Art Werger - prints and biography
Mezzotint Prints Exploring Psychological Realism Through Light, Shadow, and the Human Condition
Art Werger
Biography
Art Werger’s prints show a keen observation of quiet and normally unnoticed moments. Pedestrians passing each other, lost in their own worlds. Sunlight filtering through a garden landscape, or the reflection of lights on wet pavement after a storm.
His prints are masterful at capturing a mood, and suggesting a story for the viewer to complete. In a totally different vein, his color etchings play with the effects of light.
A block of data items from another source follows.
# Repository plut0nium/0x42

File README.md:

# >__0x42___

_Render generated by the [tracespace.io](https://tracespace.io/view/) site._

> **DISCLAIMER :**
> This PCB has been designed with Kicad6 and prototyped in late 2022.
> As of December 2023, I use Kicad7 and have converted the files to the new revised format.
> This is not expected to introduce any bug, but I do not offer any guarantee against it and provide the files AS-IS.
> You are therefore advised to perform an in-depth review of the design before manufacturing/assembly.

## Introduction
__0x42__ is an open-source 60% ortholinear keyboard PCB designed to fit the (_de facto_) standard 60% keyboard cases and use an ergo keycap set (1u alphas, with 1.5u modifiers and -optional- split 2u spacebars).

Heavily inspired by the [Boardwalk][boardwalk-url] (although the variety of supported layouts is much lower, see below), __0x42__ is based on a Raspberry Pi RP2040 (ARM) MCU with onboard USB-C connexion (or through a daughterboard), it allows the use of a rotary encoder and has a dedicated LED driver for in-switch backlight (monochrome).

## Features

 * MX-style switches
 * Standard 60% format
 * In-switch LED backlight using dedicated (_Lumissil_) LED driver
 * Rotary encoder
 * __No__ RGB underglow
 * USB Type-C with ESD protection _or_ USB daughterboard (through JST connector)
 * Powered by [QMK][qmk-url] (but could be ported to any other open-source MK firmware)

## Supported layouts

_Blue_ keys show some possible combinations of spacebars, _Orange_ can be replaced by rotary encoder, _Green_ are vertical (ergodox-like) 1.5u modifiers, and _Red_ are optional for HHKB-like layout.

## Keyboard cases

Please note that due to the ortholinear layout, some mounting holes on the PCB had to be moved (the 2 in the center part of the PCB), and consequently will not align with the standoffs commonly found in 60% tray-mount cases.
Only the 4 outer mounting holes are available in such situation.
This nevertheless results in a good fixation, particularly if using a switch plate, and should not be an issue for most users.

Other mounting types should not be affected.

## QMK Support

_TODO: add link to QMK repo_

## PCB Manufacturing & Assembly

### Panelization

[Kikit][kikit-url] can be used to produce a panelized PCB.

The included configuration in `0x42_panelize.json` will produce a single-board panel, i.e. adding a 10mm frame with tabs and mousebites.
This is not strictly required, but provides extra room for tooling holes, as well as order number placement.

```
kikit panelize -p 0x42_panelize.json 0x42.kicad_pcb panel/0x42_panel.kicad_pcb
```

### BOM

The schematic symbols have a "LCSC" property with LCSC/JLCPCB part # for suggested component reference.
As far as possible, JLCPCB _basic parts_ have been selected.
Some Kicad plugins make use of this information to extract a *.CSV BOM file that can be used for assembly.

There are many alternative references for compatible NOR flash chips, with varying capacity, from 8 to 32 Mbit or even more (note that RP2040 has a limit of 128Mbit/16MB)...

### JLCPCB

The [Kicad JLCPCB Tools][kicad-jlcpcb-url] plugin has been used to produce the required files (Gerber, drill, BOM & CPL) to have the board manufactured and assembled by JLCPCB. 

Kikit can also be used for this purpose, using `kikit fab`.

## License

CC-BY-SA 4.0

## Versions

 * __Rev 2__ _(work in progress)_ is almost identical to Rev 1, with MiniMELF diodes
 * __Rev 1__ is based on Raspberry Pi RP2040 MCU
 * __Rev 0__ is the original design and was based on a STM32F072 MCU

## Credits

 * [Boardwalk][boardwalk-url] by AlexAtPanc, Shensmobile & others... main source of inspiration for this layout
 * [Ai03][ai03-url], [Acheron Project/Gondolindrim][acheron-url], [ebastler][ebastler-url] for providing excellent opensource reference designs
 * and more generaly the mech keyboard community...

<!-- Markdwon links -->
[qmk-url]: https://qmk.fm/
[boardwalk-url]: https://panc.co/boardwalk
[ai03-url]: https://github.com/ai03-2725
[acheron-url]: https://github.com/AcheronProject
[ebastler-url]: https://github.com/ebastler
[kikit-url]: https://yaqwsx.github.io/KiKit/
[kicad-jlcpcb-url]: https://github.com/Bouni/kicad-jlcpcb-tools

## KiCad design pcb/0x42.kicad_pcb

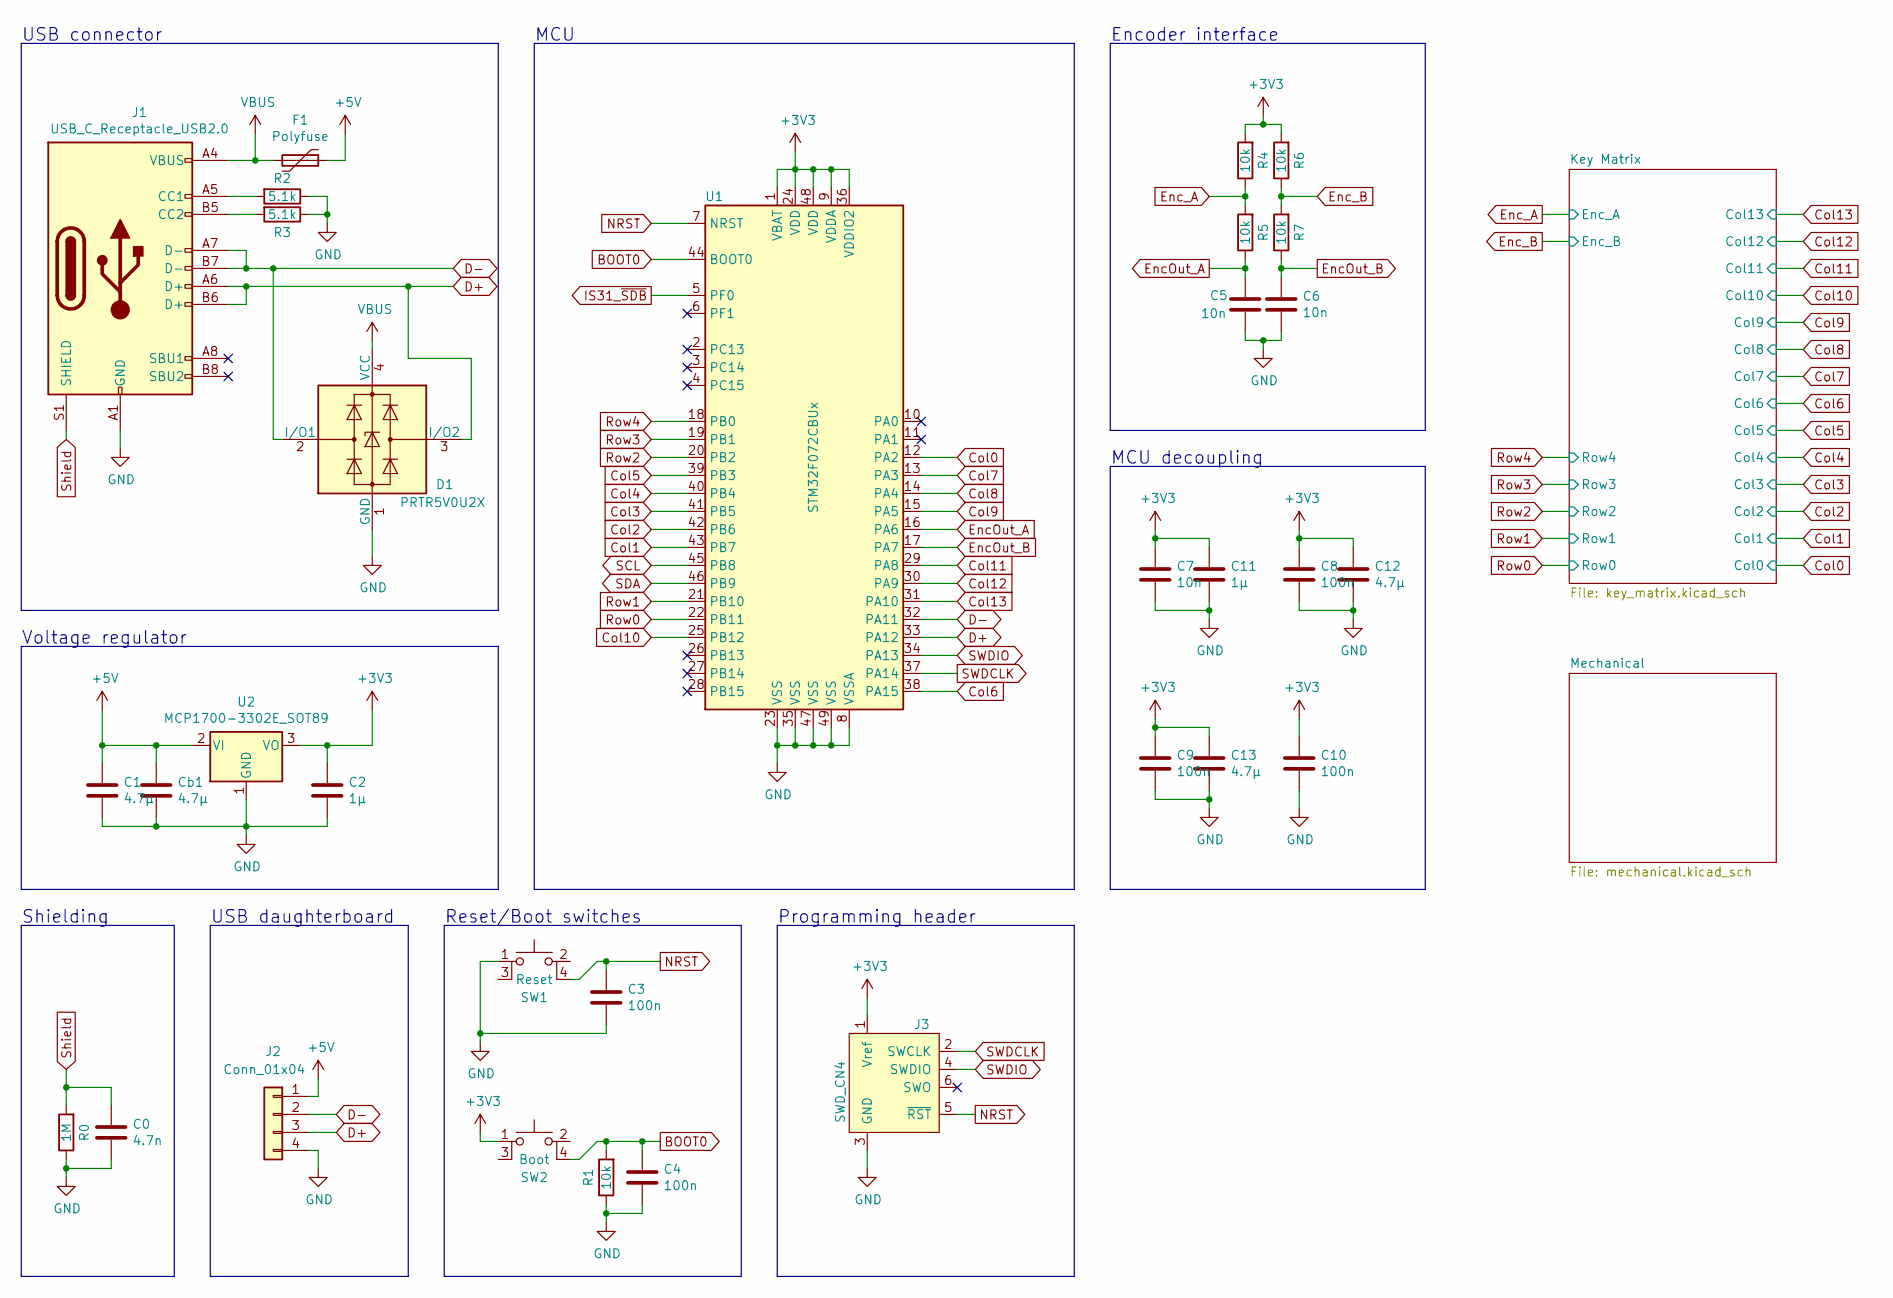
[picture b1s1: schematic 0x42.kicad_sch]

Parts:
C0: 4.7n; C_0805_2012Metric
C1: 4.7µ; C_0805_2012Metric
C2, C11: 1µ; C_0603_1608Metric
C3, C4, C8, C9, C10: 100n; C_0603_1608Metric
C5, C6, C7: 10n; C_0603_1608Metric
C12, C13: 4.7µ; C_0603_1608Metric
Cb1: 4.7µ; C_0805_2012Metric
D1: PRTR5V0U2X; SOT-143
F1: Polyfuse; Fuse_1206_3216Metric
J1: USB_C_Receptacle_USB2.0; USB_C_Receptacle_HRO_TYPE-C-31-M-12
J2: Conn_01x04; JST_SH_SM04B-SRSS-TB_1x04-1MP_P1.00mm_Horizontal
J3: SWD_CN4; SWD_1x06_P2.54mm_POGO
R0: 1M; R_0603_1608Metric
R1, R4, R5, R6, R7: 10k; R_0603_1608Metric
R2, R3: 5.1k; R_0603_1608Metric
SW1: Reset; TACT_SWITCH_5.2x5.2_4Pin
SW2: Boot; TACT_SWITCH_5.2x5.2_4Pin
U1: STM32F072CBUx; QFN-48-1EP_7x7mm_P0.5mm_EP5.6x5.6mm
U2: MCP1700-3302E_SOT89; SOT-89-3

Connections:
+3V3: C2.1, C7.1, C8.1, C9.1, C10.1, C11.1, C12.1, C13.1, J3.1 (Vref), R4.2, R6.2, SW2.1, U1.1 (VBAT), U1.9 (VDDA), U1.24 (VDD), U1.36 (VDDIO2), U1.48 (VDD), U2.3 (VO); also elsewhere on the board
+5V: C1.1, Cb1.1, F1.1, J2.1, U2.2 (VI); also elsewhere on the board
BOOT0: C4.1, R1.2, SW2.4, U1.44 (BOOT0)
Col0: U1.12 (PA2); also elsewhere on the board
Col1: U1.43 (PB7); also elsewhere on the board
Col2: U1.42 (PB6); also elsewhere on the board
Col3: U1.41 (PB5); also elsewhere on the board
Col4: U1.40 (PB4); also elsewhere on the board
Col5: U1.39 (PB3); also elsewhere on the board
Col6: U1.38 (PA15); also elsewhere on the board
Col7: U1.13 (PA3); also elsewhere on the board
Col8: U1.14 (PA4); also elsewhere on the board
Col9: U1.15 (PA5); also elsewhere on the board
Col10: U1.25 (PB12); also elsewhere on the board
Col11: U1.29 (PA8); also elsewhere on the board
Col12: U1.30 (PA9); also elsewhere on the board
Col13: U1.31 (PA10); also elsewhere on the board
D+: D1.3 (I/O2), J1.A6 (D+), J1.B6 (D+), J2.3, U1.33 (PA12)
D-: D1.2 (I/O1), J1.A7 (D-), J1.B7 (D-), J2.2, U1.32 (PA11)
EncOut_A: C5.1, R5.1, U1.16 (PA6)
EncOut_B: C6.1, R7.1, U1.17 (PA7)
Enc_A: R4.1, R5.2; also elsewhere on the board
Enc_B: R6.1, R7.2; also elsewhere on the board
GND: C0.2, C1.2, C2.2, C3.2, C4.2, C5.2, C6.2, C7.2, C8.2, C9.2, C10.2, C11.2, C12.2, C13.2, Cb1.2, D1.1 (GND), J1.A1 (GND), J1.A12 (GND), J1.B1 (GND), J1.B12 (GND), J2.4, J3.3 (GND), R0.1, R1.1, R2.1, R3.1, SW1.1, U1.8 (VSSA), U1.23 (VSS), U1.35 (VSS), U1.47 (VSS), U1.49 (VSS), U2.1 (GND); also elsewhere on the board
IS31_~SDB: U1.5 (PF0); also elsewhere on the board
NRST: C3.1, J3.5 (~RST), SW1.4, U1.7 (NRST)
unnamed: J1.A5 (CC1), R2.2
unnamed: J1.B5 (CC2), R3.2
RGB_DOUT: U1.28 (PB15); also elsewhere on the board
Row0: U1.22 (PB11); also elsewhere on the board
Row1: U1.21 (PB10); also elsewhere on the board
Row2: U1.20 (PB2); also elsewhere on the board
Row3: U1.19 (PB1); also elsewhere on the board
Row4: U1.18 (PB0); also elsewhere on the board
SCL: U1.45 (PB8); also elsewhere on the board
SDA: U1.46 (PB9); also elsewhere on the board
SWDCLK: J3.2 (SWCLK), U1.37 (PA14)
SWDIO: J3.4 (SWDIO), U1.34 (PA13)
Shield: C0.1, J1.S1 (SHIELD), R0.2; also elsewhere on the board
VBUS: D1.4 (VCC), F1.2, J1.A4 (VBUS), J1.A9 (VBUS), J1.B4 (VBUS), J1.B9 (VBUS)

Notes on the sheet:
USB daughterboard
Reset/Boot switches
Encoder interface
Programming header
MCU decoupling
MCU
Voltage regulator
USB connector
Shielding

His prints of swimmers show an uncanny ability to create the shimmering play of light underwater on a summer day.
Werger’s work explores psychological realism through exquisitely detailed intaglio technique. His figures often inhabit ambiguous interior spaces that feel both architectural and emotional—rooms that function as states of mind as much as physical environments. In this way, Werger’s prints share a kinship with artists such as Peter Milton, whose intricate compositions similarly frame figures within layered spaces charged with narrative tension and psychological depth.
Werger has received over 250 awards in national and international exhibitions. In 2015 he recieved the Guanlan International Printmaking Prize at the Guanlan Biennial in China, followed by the Grand Prize at the Ekaterinburg mezzotint festival in Russia. In 2012 he received the Award of the Rector at the International Print Triennial in Krakow, Poland and the Prize for Full Correspondence between technique and Imagery at the First International Mezzotint Festival in Ekaterinburg, Russia. He currently teaches printmaking at Ohio University, in Athens Ohio. Previously he served at the Chairman of the fine Arts division, and as professor of Art, at Wesleyan College in Macon, Georgia. Read more about Art Werger's work and career.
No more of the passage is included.